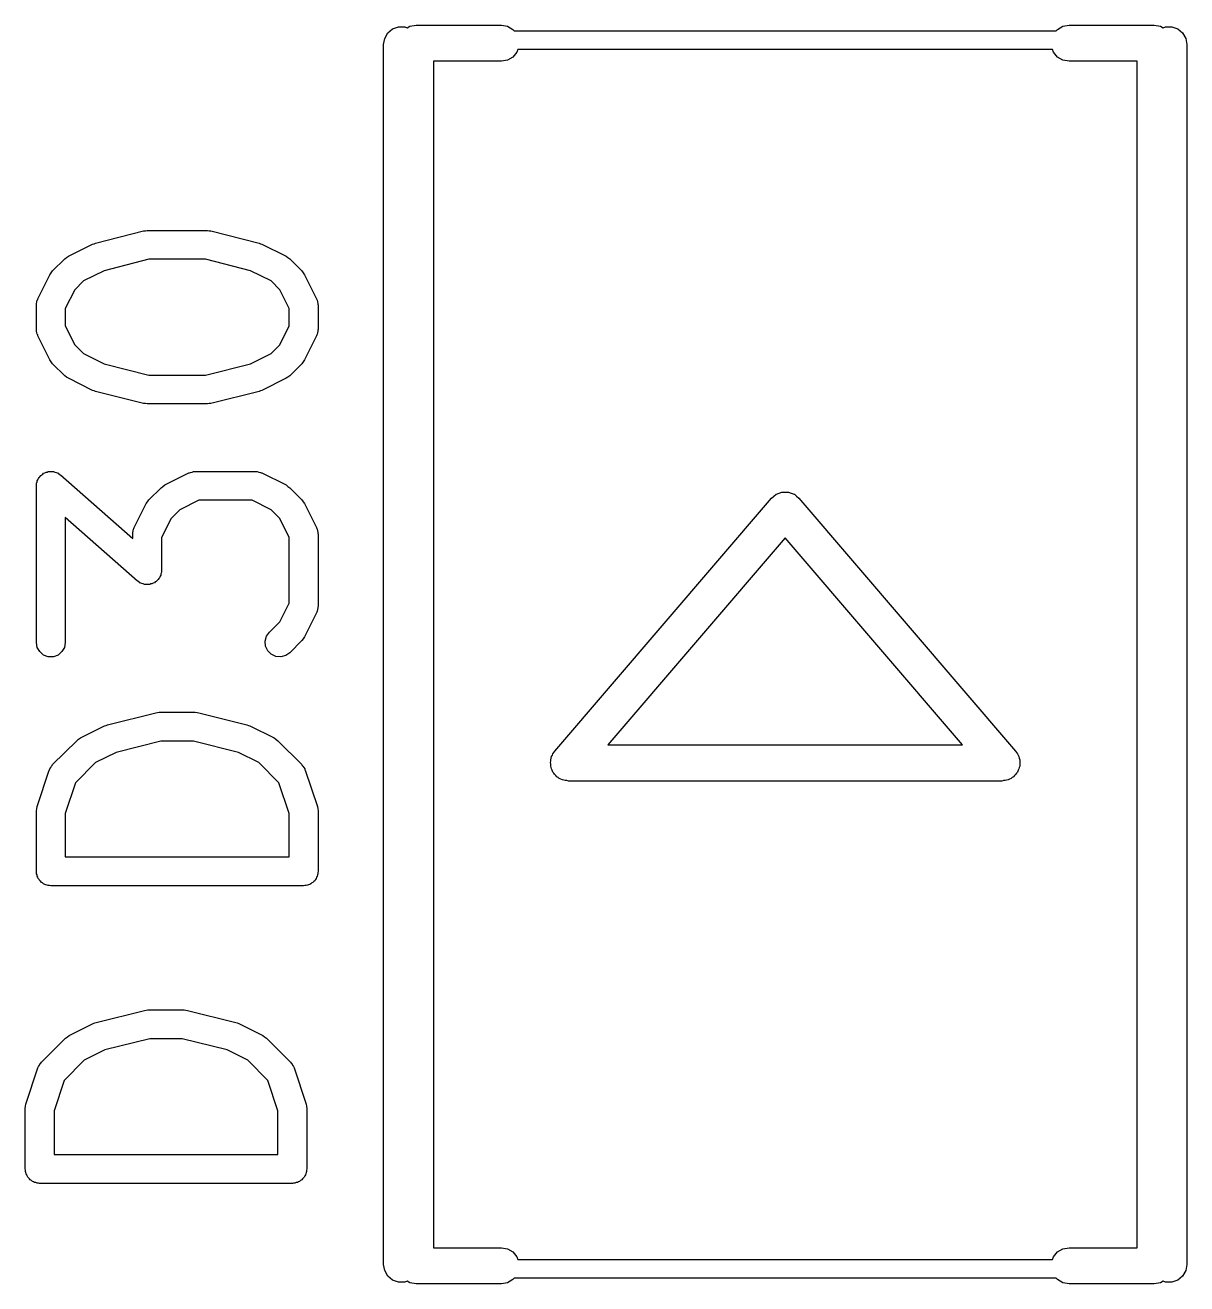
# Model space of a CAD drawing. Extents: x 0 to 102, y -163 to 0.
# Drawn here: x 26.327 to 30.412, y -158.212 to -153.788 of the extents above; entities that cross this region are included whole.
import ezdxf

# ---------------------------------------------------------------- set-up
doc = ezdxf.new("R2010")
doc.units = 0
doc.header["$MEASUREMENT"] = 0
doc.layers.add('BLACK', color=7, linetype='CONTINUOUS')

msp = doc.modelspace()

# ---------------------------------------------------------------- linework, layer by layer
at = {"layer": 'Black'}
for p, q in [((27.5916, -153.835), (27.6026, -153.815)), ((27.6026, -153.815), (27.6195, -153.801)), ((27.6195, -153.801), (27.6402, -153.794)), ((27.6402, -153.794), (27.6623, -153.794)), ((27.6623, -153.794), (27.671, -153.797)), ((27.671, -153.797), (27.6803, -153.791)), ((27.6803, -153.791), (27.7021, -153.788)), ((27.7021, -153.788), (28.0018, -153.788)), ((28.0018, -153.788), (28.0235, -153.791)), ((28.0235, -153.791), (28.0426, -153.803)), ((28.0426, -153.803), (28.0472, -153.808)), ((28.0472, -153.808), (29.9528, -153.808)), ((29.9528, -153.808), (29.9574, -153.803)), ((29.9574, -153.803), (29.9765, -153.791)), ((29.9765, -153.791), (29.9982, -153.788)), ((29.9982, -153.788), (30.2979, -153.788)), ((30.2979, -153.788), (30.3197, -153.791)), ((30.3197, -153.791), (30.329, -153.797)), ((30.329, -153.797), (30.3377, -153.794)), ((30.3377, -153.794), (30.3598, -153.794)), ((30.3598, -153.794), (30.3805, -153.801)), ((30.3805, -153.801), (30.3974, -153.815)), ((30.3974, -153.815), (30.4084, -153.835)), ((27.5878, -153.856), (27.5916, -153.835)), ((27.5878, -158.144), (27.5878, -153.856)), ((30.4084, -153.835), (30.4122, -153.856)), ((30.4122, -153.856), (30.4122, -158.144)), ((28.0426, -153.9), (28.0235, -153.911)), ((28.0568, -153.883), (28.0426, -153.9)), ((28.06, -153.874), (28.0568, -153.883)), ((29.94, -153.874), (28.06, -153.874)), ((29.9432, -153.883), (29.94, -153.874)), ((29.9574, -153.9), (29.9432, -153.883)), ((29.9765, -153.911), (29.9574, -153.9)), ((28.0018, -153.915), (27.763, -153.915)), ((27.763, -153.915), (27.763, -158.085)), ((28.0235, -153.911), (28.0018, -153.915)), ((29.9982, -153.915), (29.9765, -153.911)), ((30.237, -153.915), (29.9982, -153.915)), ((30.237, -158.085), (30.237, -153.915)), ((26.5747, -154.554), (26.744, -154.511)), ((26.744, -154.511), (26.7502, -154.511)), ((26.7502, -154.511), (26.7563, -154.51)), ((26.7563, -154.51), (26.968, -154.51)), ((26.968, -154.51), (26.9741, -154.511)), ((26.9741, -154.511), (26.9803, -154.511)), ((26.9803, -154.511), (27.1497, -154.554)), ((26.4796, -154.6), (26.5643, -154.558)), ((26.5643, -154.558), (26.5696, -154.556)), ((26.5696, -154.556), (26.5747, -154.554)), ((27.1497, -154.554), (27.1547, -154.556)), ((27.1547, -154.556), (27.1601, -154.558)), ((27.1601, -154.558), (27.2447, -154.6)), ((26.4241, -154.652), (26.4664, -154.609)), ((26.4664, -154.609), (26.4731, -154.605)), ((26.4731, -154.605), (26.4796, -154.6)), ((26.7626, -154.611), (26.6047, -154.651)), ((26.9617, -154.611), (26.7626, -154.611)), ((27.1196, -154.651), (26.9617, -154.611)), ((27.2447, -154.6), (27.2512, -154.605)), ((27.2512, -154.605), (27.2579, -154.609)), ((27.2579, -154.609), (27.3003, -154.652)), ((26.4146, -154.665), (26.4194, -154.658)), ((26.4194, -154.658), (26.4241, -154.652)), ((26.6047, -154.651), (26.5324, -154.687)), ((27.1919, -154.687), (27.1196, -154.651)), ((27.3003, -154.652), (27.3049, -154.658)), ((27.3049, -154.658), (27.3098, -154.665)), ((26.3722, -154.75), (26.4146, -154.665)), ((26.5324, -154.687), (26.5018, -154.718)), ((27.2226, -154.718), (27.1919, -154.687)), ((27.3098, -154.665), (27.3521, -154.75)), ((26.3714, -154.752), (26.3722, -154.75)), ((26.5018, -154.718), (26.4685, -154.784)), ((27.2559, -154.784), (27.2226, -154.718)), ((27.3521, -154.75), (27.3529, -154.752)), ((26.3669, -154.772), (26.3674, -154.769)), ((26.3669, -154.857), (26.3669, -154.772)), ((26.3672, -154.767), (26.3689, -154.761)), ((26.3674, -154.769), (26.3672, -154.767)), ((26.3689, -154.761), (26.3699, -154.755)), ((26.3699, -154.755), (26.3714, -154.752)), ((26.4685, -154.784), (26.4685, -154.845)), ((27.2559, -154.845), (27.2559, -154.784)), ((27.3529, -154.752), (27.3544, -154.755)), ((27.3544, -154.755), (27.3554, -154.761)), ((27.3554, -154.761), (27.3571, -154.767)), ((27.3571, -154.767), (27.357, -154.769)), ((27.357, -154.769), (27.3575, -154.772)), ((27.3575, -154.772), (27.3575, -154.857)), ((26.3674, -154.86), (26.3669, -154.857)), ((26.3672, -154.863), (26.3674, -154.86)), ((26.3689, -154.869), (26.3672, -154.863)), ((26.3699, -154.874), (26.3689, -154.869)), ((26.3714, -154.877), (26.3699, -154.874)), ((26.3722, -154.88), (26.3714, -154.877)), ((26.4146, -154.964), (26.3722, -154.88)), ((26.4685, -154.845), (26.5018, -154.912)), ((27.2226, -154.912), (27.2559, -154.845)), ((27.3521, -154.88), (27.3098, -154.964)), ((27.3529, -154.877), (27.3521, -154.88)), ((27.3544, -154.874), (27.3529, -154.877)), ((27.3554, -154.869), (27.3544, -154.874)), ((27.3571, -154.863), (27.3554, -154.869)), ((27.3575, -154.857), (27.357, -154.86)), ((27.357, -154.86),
━━━━━━
Pictures are to be dropped, and the remaining data set down exactly.

# Model space of a CAD drawing. Extents: x 0 to 102, y -163 to 0.
# Drawn here: x 26.327 to 30.412, y -158.212 to -153.788 of the extents above; entities that cross this region are included whole.
import ezdxf

# ---------------------------------------------------------------- set-up
doc = ezdxf.new("R2010")
doc.units = 0
doc.header["$MEASUREMENT"] = 0
doc.layers.add('BLACK', color=7, linetype='CONTINUOUS')

msp = doc.modelspace()

# ---------------------------------------------------------------- linework, layer by layer
at = {"layer": 'Black'}
for p, q in [((27.5916, -153.835), (27.6026, -153.815)), ((27.6026, -153.815), (27.6195, -153.801)), ((27.6195, -153.801), (27.6402, -153.794)), ((27.6402, -153.794), (27.6623, -153.794)), ((27.6623, -153.794), (27.671, -153.797)), ((27.671, -153.797), (27.6803, -153.791)), ((27.6803, -153.791), (27.7021, -153.788)), ((27.7021, -153.788), (28.0018, -153.788)), ((28.0018, -153.788), (28.0235, -153.791)), ((28.0235, -153.791), (28.0426, -153.803)), ((28.0426, -153.803), (28.0472, -153.808)), ((28.0472, -153.808), (29.9528, -153.808)), ((29.9528, -153.808), (29.9574, -153.803)), ((29.9574, -153.803), (29.9765, -153.791)), ((29.9765, -153.791), (29.9982, -153.788)), ((29.9982, -153.788), (30.2979, -153.788)), ((30.2979, -153.788), (30.3197, -153.791)), ((30.3197, -153.791), (30.329, -153.797)), ((30.329, -153.797), (30.3377, -153.794)), ((30.3377, -153.794), (30.3598, -153.794)), ((30.3598, -153.794), (30.3805, -153.801)), ((30.3805, -153.801), (30.3974, -153.815)), ((30.3974, -153.815), (30.4084, -153.835)), ((27.5878, -153.856), (27.5916, -153.835)), ((27.5878, -158.144), (27.5878, -153.856)), ((30.4084, -153.835), (30.4122, -153.856)), ((30.4122, -153.856), (30.4122, -158.144)), ((28.0426, -153.9), (28.0235, -153.911)), ((28.0568, -153.883), (28.0426, -153.9)), ((28.06, -153.874), (28.0568, -153.883)), ((29.94, -153.874), (28.06, -153.874)), ((29.9432, -153.883), (29.94, -153.874)), ((29.9574, -153.9), (29.9432, -153.883)), ((29.9765, -153.911), (29.9574, -153.9)), ((28.0018, -153.915), (27.763, -153.915)), ((27.763, -153.915), (27.763, -158.085)), ((28.0235, -153.911), (28.0018, -153.915)), ((29.9982, -153.915), (29.9765, -153.911)), ((30.237, -153.915), (29.9982, -153.915)), ((30.237, -158.085), (30.237, -153.915)), ((26.5747, -154.554), (26.744, -154.511)), ((26.744, -154.511), (26.7502, -154.511)), ((26.7502, -154.511), (26.7563, -154.51)), ((26.7563, -154.51), (26.968, -154.51)), ((26.968, -154.51), (26.9741, -154.511)), ((26.9741, -154.511), (26.9803, -154.511)), ((26.9803, -154.511), (27.1497, -154.554)), ((26.4796, -154.6), (26.5643, -154.558)), ((26.5643, -154.558), (26.5696, -154.556)), ((26.5696, -154.556), (26.5747, -154.554)), ((27.1497, -154.554), (27.1547, -154.556)), ((27.1547, -154.556), (27.1601, -154.558)), ((27.1601, -154.558), (27.2447, -154.6)), ((26.4241, -154.652), (26.4664, -154.609)), ((26.4664, -154.609), (26.4731, -154.605)), ((26.4731, -154.605), (26.4796, -154.6)), ((26.7626, -154.611), (26.6047, -154.651)), ((26.9617, -154.611), (26.7626, -154.611)), ((27.1196, -154.651), (26.9617, -154.611)), ((27.2447, -154.6), (27.2512, -154.605)), ((27.2512, -154.605), (27.2579, -154.609)), ((27.2579, -154.609), (27.3003, -154.652)), ((26.4146, -154.665), (26.4194, -154.658)), ((26.4194, -154.658), (26.4241, -154.652)), ((26.6047, -154.651), (26.5324, -154.687)), ((27.1919, -154.687), (27.1196, -154.651)), ((27.3003, -154.652), (27.3049, -154.658)), ((27.3049, -154.658), (27.3098, -154.665)), ((26.3722, -154.75), (26.4146, -154.665)), ((26.5324, -154.687), (26.5018, -154.718)), ((27.2226, -154.718), (27.1919, -154.687)), ((27.3098, -154.665), (27.3521, -154.75)), ((26.3714, -154.752), (26.3722, -154.75)), ((26.5018, -154.718), (26.4685, -154.784)), ((27.2559, -154.784), (27.2226, -154.718)), ((27.3521, -154.75), (27.3529, -154.752)), ((26.3669, -154.772), (26.3674, -154.769)), ((26.3669, -154.857), (26.3669, -154.772)), ((26.3672, -154.767), (26.3689, -154.761)), ((26.3674, -154.769), (26.3672, -154.767)), ((26.3689, -154.761), (26.3699, -154.755)), ((26.3699, -154.755), (26.3714, -154.752)), ((26.4685, -154.784), (26.4685, -154.845)), ((27.2559, -154.845), (27.2559, -154.784)), ((27.3529, -154.752), (27.3544, -154.755)), ((27.3544, -154.755), (27.3554, -154.761)), ((27.3554, -154.761), (27.3571, -154.767)), ((27.3571, -154.767), (27.357, -154.769)), ((27.357, -154.769), (27.3575, -154.772)), ((27.3575, -154.772), (27.3575, -154.857)), ((26.3674, -154.86), (26.3669, -154.857)), ((26.3672, -154.863), (26.3674, -154.86)), ((26.3689, -154.869), (26.3672, -154.863)), ((26.3699, -154.874), (26.3689, -154.869)), ((26.3714, -154.877), (26.3699, -154.874)), ((26.3722, -154.88), (26.3714, -154.877)), ((26.4146, -154.964), (26.3722, -154.88)), ((26.4685, -154.845), (26.5018, -154.912)), ((27.2226, -154.912), (27.2559, -154.845)), ((27.3521, -154.88), (27.3098, -154.964)), ((27.3529, -154.877), (27.3521, -154.88)), ((27.3544, -154.874), (27.3529, -154.877)), ((27.3554, -154.869), (27.3544, -154.874)), ((27.3571, -154.863), (27.3554, -154.869)), ((27.3575, -154.857), (27.357, -154.86)), ((27.357, -154.86),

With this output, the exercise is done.